Um segundo aspecto é o tão discutido tema do consumismo. Eu vejo um equívoco combatê-lo como se ele fosse uma doença, um câncer. O que na verdade é importante, é o consumo consciente, feito sem a hipnotização proporcionada pelo marketing e pelos meios de comunicação em massa. De igual modo, é fundamental não admitir a desigualdade social, o que uma grande maioria o faz por considerar ingenuamente que o sistema oferece oportunidades e que cada um tem aquilo que merece. O fato é que há uma grande parcela da humanidade que jamais teve a chance de merecer os regalos da classe média.

Tudo isso seria possível, diria o nosso grande Diógenes, através do conhecimento de nossas reais necessidades, da constatação de que muito do que temos não é necessário, mas sim, apenas possível e, portanto, supérfluo.


O terceiro aspecto tratado no filme
, e de igual importância, é sobre o que é necessário para ser feliz, um assunto que também foi muito bem discutido no filme "A vida de David Gale".

De uma forma geral, em uma sociedade consumista, é comum a visão de que a aquisição de bens e o sucesso profissional sejam sinônimos de felicidade.


Sobre esta importante questão eu gostaria de pegar carona no pensamento de Lacan, um dos grandes estudiosos de Freud, que dizia que a "fantasia é a verdadeira sustentação do desejo", ou seja, depois que conquistamos algo que desejávamos arduamente como objeto necessário a nossa felicidade, nós tendemos a minimizá-lo em termos de importância.


É neste sentido que há o ditado "cuidado com o que deseja", não porque conseguirá de fato conquistá-lo, mas porque quando isto acontecer, talvez não o quererá mais.


Por isso eu acredito que a felicidade não é construída através dos títulos, das conquistas profissionais, de aquisições materiais, etc. Tudo isto é muito bom porém apenas produzem sensações agradáveis e momentâneas pois depois que as alcançamos sempre desejaremos mais.

Em “A vida de David Gale", um personagem afirma: “como dizia Lacan, viver de desejos não traz a felicidade. O verdadeiro significado de ser humano é a luta para viver por idéias e ideais, não medir a vida pelo que obtiveram em termos de desejos, mas pelos momentos de integridade, compaixão, racionalidade e até mesmo auto-sacrifício. Porque no final a única forma de medir o significado de nossas vidas é valorizando a vida dos outros”.

No final, "Clube da Luta" toma um rumo inesperado mas duas coisas me chamaram bastante a atenção. Tal como previa Tyler, quando o narrador atinge o “fim do poço” desvencilhando-se de seus apegos da vida material, ele encontra então a si mesmo e com isso consegue se libertar de seus problemas ou, ao menos, torna-se consciente deles e consegue dominá-los.
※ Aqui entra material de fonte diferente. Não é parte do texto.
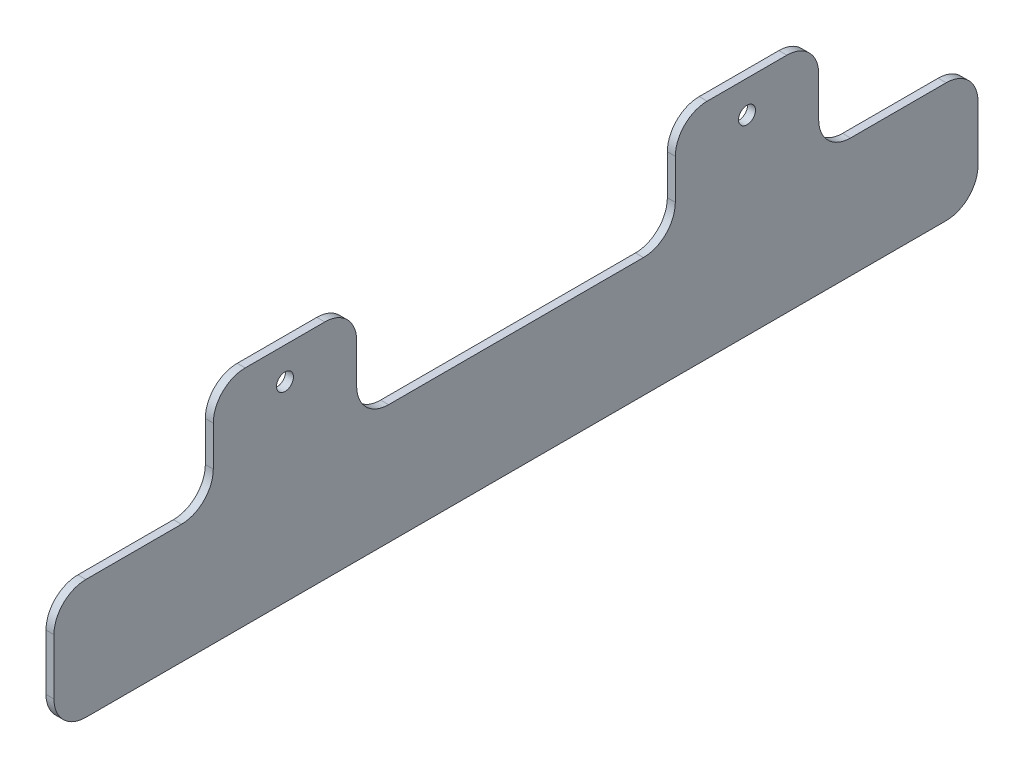
SolidWorks part; units mm, degrees
material "PC High Viscosity"
ref_plane "Front Plane" through (0, 0, 0) normal (0, 0, 1) x (1, 0, 0)
ref_plane "Top Plane" through (0, 0, 0) normal (0, 1, 0) x (1, 0, 0)
ref_plane "Right Plane" through (0, 0, 0) normal (1, 0, 0) x (0, 0, -1)
sketch "Sketch1" plane through (0, 0, 0) normal (1, 0, 0) x (0, 0, -1)
  line L0 (12.7, 0) -> (355.6, 0)
  line L1 (368.3, 12.7) -> (368.3, 34.925)
  line L2 (355.6, 47.625) -> (317.5, 47.625)
  line L3 (304.8, 60.325) -> (304.8, 76.2)
  line L4 (292.1, 88.9) -> (260.35, 88.9)
  line L5 (63.5, 76.2) -> (63.5, 60.325)
  line L6 (50.8, 47.625) -> (12.7, 47.625)
  line L7 (0, 34.925) -> (0, 12.7)
  line L9 (120.65, 76.2) -> (120.65, 60.325)
  line L10 (247.65, 76.2) -> (247.65, 60.325)
  line L11 (133.35, 47.625) -> (234.95, 47.625)
  line L12 (107.95, 88.9) -> (76.2, 88.9)
  arc A0 (12.7, 0) -> (0, 12.7) centre (12.7, 12.7) cw
  arc A1 (355.6, 0) -> (368.3, 12.7) centre (355.6, 12.7) ccw
  arc A2 (368.3, 34.925) -> (355.6, 47.625) centre (355.6, 34.925) ccw
  arc A3 (317.5, 47.625) -> (304.8, 60.325) centre (317.5, 60.325) cw
  arc A4 (304.8, 76.2) -> (292.1, 88.9) centre (292.1, 76.2) ccw
  arc A5 (76.2, 88.9) -> (63.5, 76.2) centre (76.2, 76.2) ccw
  arc A6 (63.5, 60.325) -> (50.8, 47.625) centre (50.8, 60.325) cw
  arc A7 (12.7, 47.625) -> (0, 34.925) centre (12.7, 34.925) ccw
  circle A8 centre (92.075, 76.2) radius 3.3734
  circle A9 centre (276.225, 76.2) radius 3.3734
  arc A10 (247.65, 60.325) -> (234.95, 47.625) centre (234.95, 60.325) cw
  arc A11 (260.35, 88.9) -> (247.65, 76.2) centre (260.35, 76.2) ccw
  arc A12 (120.65, 60.325) -> (133.35, 47.625) centre (133.35, 60.325) ccw
  arc A13 (120.65, 76.2) -> (107.95, 88.9) centre (107.95, 76.2) ccw
  point P11 (0, 0)
  point P16 (368.3, 47.625)
  point P19 (304.8, 47.625)
  point P22 (304.8, 88.9)
  point P25 (63.5, 88.9)
  point P28 (63.5, 47.625)
  point P31 (0, 47.625)
  point P40 (247.65, 47.625)
  point P47 (120.65, 47.625)
  point P50 (120.65, 88.9)
  dimension "D7" = 12.7
  dimension "D9" = 6.7469
  dimension "D16" = 12.7
  dimension "D1" = 241.3
  dimension "D2" = 41.275
  dimension "D3" = 41.275
  dimension "D4" = 47.625
  dimension "D5" = 63.5
  dimension "D6" = 63.5
  dimension "D8" = 184.15
  dimension "D10" = 28.575
  dimension "D11" = 12.7
  dimension "D12" = 41.275
  dimension "D13" = 57.15
  dimension "D14" = 57.15
  dimension "D15" = 127
extrude "Boss-Extrude1" add sketch "Sketch1" along normal blind 3.175
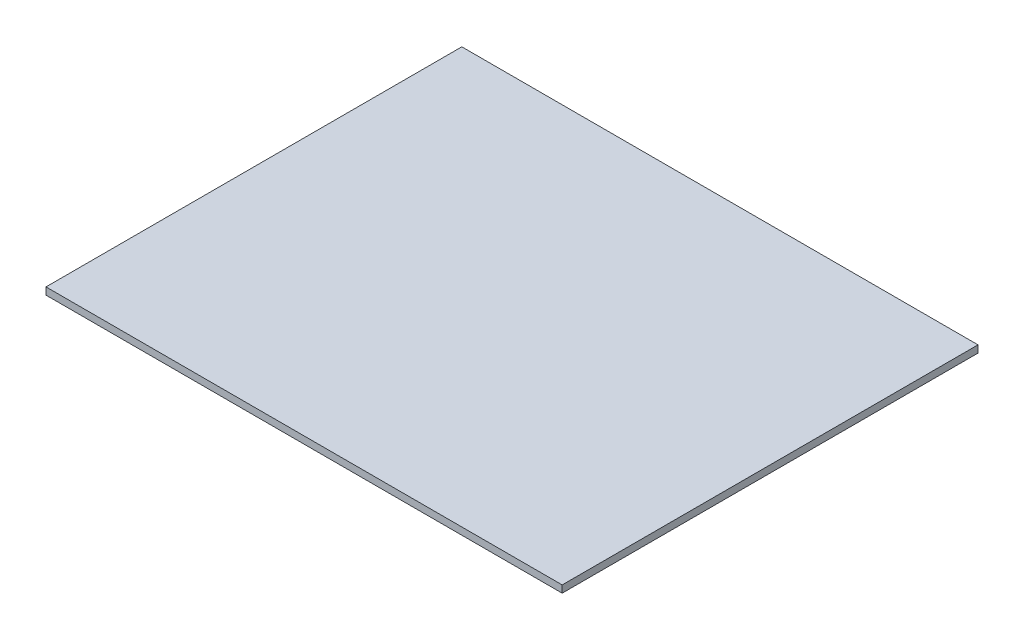
SolidWorks part; units mm, degrees
material "Vidro"
ref_plane "Plano frontal" through (0, 0, 0) normal (0, 0, 1) x (1, 0, 0)
ref_plane "Plano superior" through (0, 0, 0) normal (0, 1, 0) x (1, 0, 0)
ref_plane "Plano direito" through (0, 0, 0) normal (1, 0, 0) x (0, 0, -1)
sketch "Esboço2" plane through (0, 0, 0) normal (0, 1, 0) x (1, 0, 0)
  line L0 (0, 163.8809) -> (0, -163.8809) construction
  line L1 (-197.746, 0) -> (197.746, 0) construction
  line L2 (180, 145) -> (-180, 145)
  line L3 (-180, 145) -> (-180, -145)
  line L4 (180, -145) -> (-180, -145)
  line L5 (180, 145) -> (180, -145)
  point P5 (197.746, 0)
  point P10 (0, -163.8809)
  dimension "D1" = 360
  dimension "D2" = 290
extrude "Ressalto-extrusão2" add sketch "Esboço2" along normal blind 5
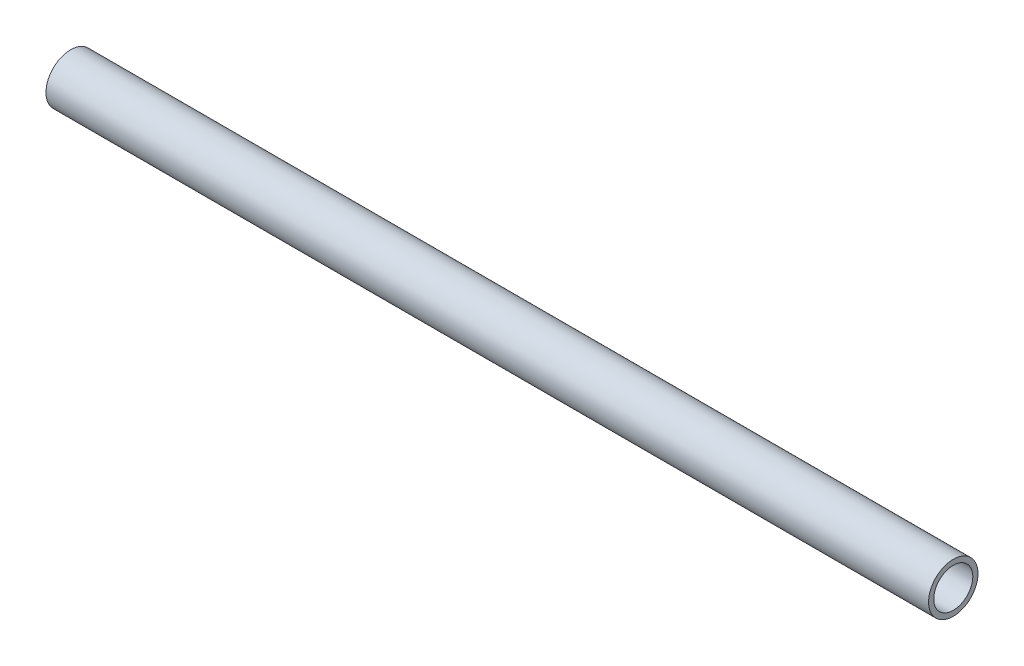
SolidWorks part; units mm, degrees
ref_plane "Front Plane" through (0, 0, 0) normal (0, 0, 1) x (1, 0, 0)
ref_plane "Top Plane" through (0, 0, 0) normal (0, 1, 0) x (1, 0, 0)
ref_plane "Right Plane" through (0, 0, 0) normal (1, 0, 0) x (0, 0, -1)
sketch "Sketch1" plane through (0, 0, 0) normal (1, 0, 0) x (0, 0, -1)
  circle A0 centre (0, 0) radius 9.525
  circle A1 centre (0, 0) radius 7.525
  dimension "D1" = 19.05
  dimension "D2" = 2
extrude "Boss-Extrude1" add sketch "Sketch1" along normal blind 340
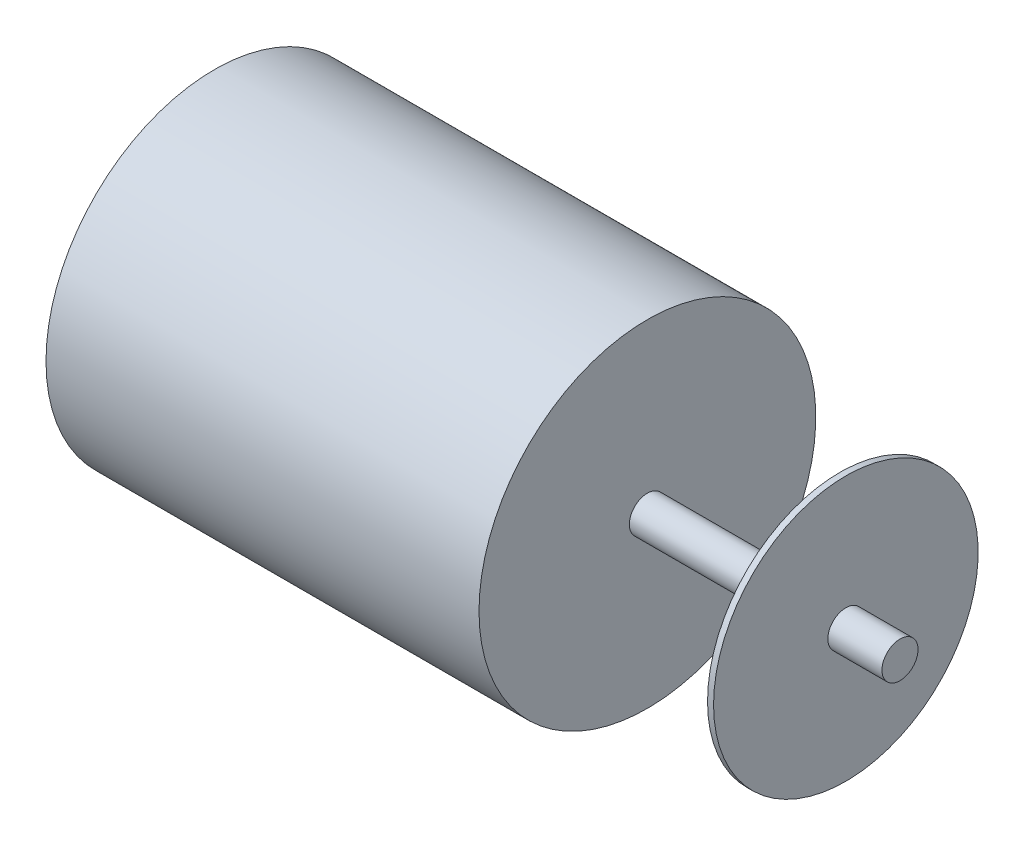
SolidWorks part; units mm, degrees
ref_plane "Front Plane" through (0, 0, 0) normal (0, 0, 1) x (1, 0, 0)
ref_plane "Top Plane" through (0, 0, 0) normal (0, 1, 0) x (1, 0, 0)
ref_plane "Right Plane" through (0, 0, 0) normal (1, 0, 0) x (0, 0, -1)
sketch "Sketch3" plane through (0, 0, 0) normal (0, 0, 1) x (1, 0, 0)
  line L0 (0, 0) -> (57, 0)
  line L1 (57, 0) -> (57, 1.5)
  line L2 (57, 1.5) -> (52.5, 1.5)
  line L3 (52.5, 1.5) -> (52.5, 11)
  line L4 (52.5, 11) -> (52, 11)
  line L5 (52, 11) -> (52, 1.5)
  line L6 (52, 1.5) -> (36, 1.5)
  line L7 (36, 1.5) -> (36, 14)
  line L8 (36, 14) -> (0, 14)
  line L9 (0, 14) -> (0, 0)
  dimension "D1" = 14
  dimension "D2" = 36
  dimension "D3" = 16
  dimension "D4" = 0.5
  dimension "D5" = 11
  dimension "D6" = 1.5
  dimension "D7" = 1.5
  dimension "D8" = 21
revolve "Revolve1" add sketch "Sketch3" angle 360 about L0
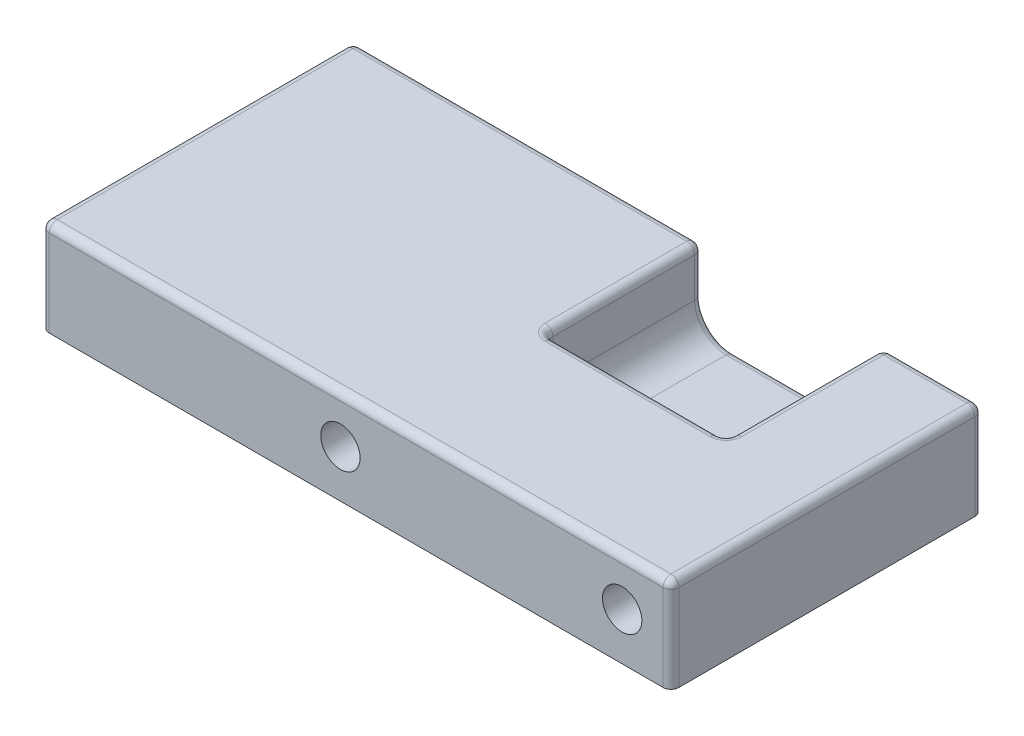
SolidWorks part; units mm, degrees
ref_plane "Front Plane" through (0, 0, 0) normal (0, 0, 1) x (1, 0, 0)
ref_plane "Top Plane" through (0, 0, 0) normal (0, 1, 0) x (1, 0, 0)
ref_plane "Right Plane" through (0, 0, 0) normal (1, 0, 0) x (0, 0, -1)
sketch "Sketch1" plane through (0, 0, 0) normal (0, 1, 0) x (1, 0, 0)
  line L1 (0, 0) -> (80, 0)
  line L2 (0, 0) -> (0, 39.6)
  line L3 (0, 39.6) -> (80, 39.6)
  line L4 (80, 0) -> (80, 39.6)
  dimension "D1" = 39.6
  dimension "D2" = 80
extrude "Boss-Extrude1" add sketch "Sketch1" along normal blind 12
sketch "Sketch2" plane through (0, 0, -39.6) normal (0, 0, -1) x (-1, 0, 0)
  line L0 (-80, 6) -> (0, 6) construction
  line L1 (-80, 12) -> (-80, 0) construction
  line L2 (0, 12) -> (0, 0) construction
  circle A0 centre (-38, 6) radius 2.5
  circle A1 centre (-73.8, 6) radius 2.5
  dimension "D1" = 5
  dimension "D2" = 35.8
  dimension "D3" = 38
extrude "Cut-Extrude2" cut sketch "Sketch2" against normal up to next
sketch "Sketch3" plane through (0, 0, -39.6) normal (0, 0, -1) x (-1, 0, 0)
  line L0 (-73.8, 6) -> (-38, 6) construction
  line L1 (-55.9, 12) -> (-55.9, 0) construction
  line L2 (-80, 12) -> (0, 12) construction
  line L3 (-80, 0) -> (0, 0) construction
  line L4 (-63.4, 2) -> (-48.4, 2)
  line L5 (-67.4, 6) -> (-67.4, 12)
  line L6 (-44.4, 6) -> (-44.4, 12)
  line L7 (-44.4, 12) -> (-67.4, 12)
  arc A0 (-67.4, 6) -> (-63.4, 2) centre (-63.4, 6) ccw
  arc A1 (-44.4, 6) -> (-48.4, 2) centre (-48.4, 6) cw
  point P10 (-55.9, 6)
  dimension "D1" = 8
  dimension "D2" = 15
extrude "Cut-Extrude3" cut sketch "Sketch3" against normal blind 20
fillet "Fillet1" radius 1 22 edges at (67.4, 12, -29.6) (67.4, 9, -19.6) (66.2284, 3.1716, -19.6) (55.9, 2, -19.6) (45.5716, 3.1716, -19.6) (67.4, 9, -39.6) (66.2284, 3.1716, -39.6) (55.9, 2, -39.6) (45.5716, 3.1716, -39.6) (44.4, 9, -19.6) (44.4, 12, -29.6) (44.4, 9, -39.6) (55.9, 12, -19.6) (0, 12, -19.8) (0, 6, 0) (40, 12, 0) (22.2, 12, -39.6) (0, 6, -39.6) (73.7, 12, -39.6) (80, 6, 0) (80, 12, -19.8) (80, 6, -39.6)

Entretanto, ele se dá conta também que isto aconteceu tarde demais, pois teria participado de um plano para destruir os principais edifícios de um centro financeiro de uma grande cidade.

Sobre este aspecto eu não me arrisco a comentar muito pois eu acredito que é o fórum íntimo de cada um que deve julgar se o narrador fez a coisa certa ou não. Não considero seguro nem mesmo discutir a questão sob o ponto de vista ético pois este mesmo sistema econômico baseado no capital financeiro de propriedade privada é, por si só, anti-ético e obsceno tendo em vista as desigualdade sociais que provoca e a degradação ambiental que desencadeia.

Sobre este último tema em particular, também tratou o excelente filme “V de Vingança”. Quem sabe, não discutimos sobre este assunto na próxima vez?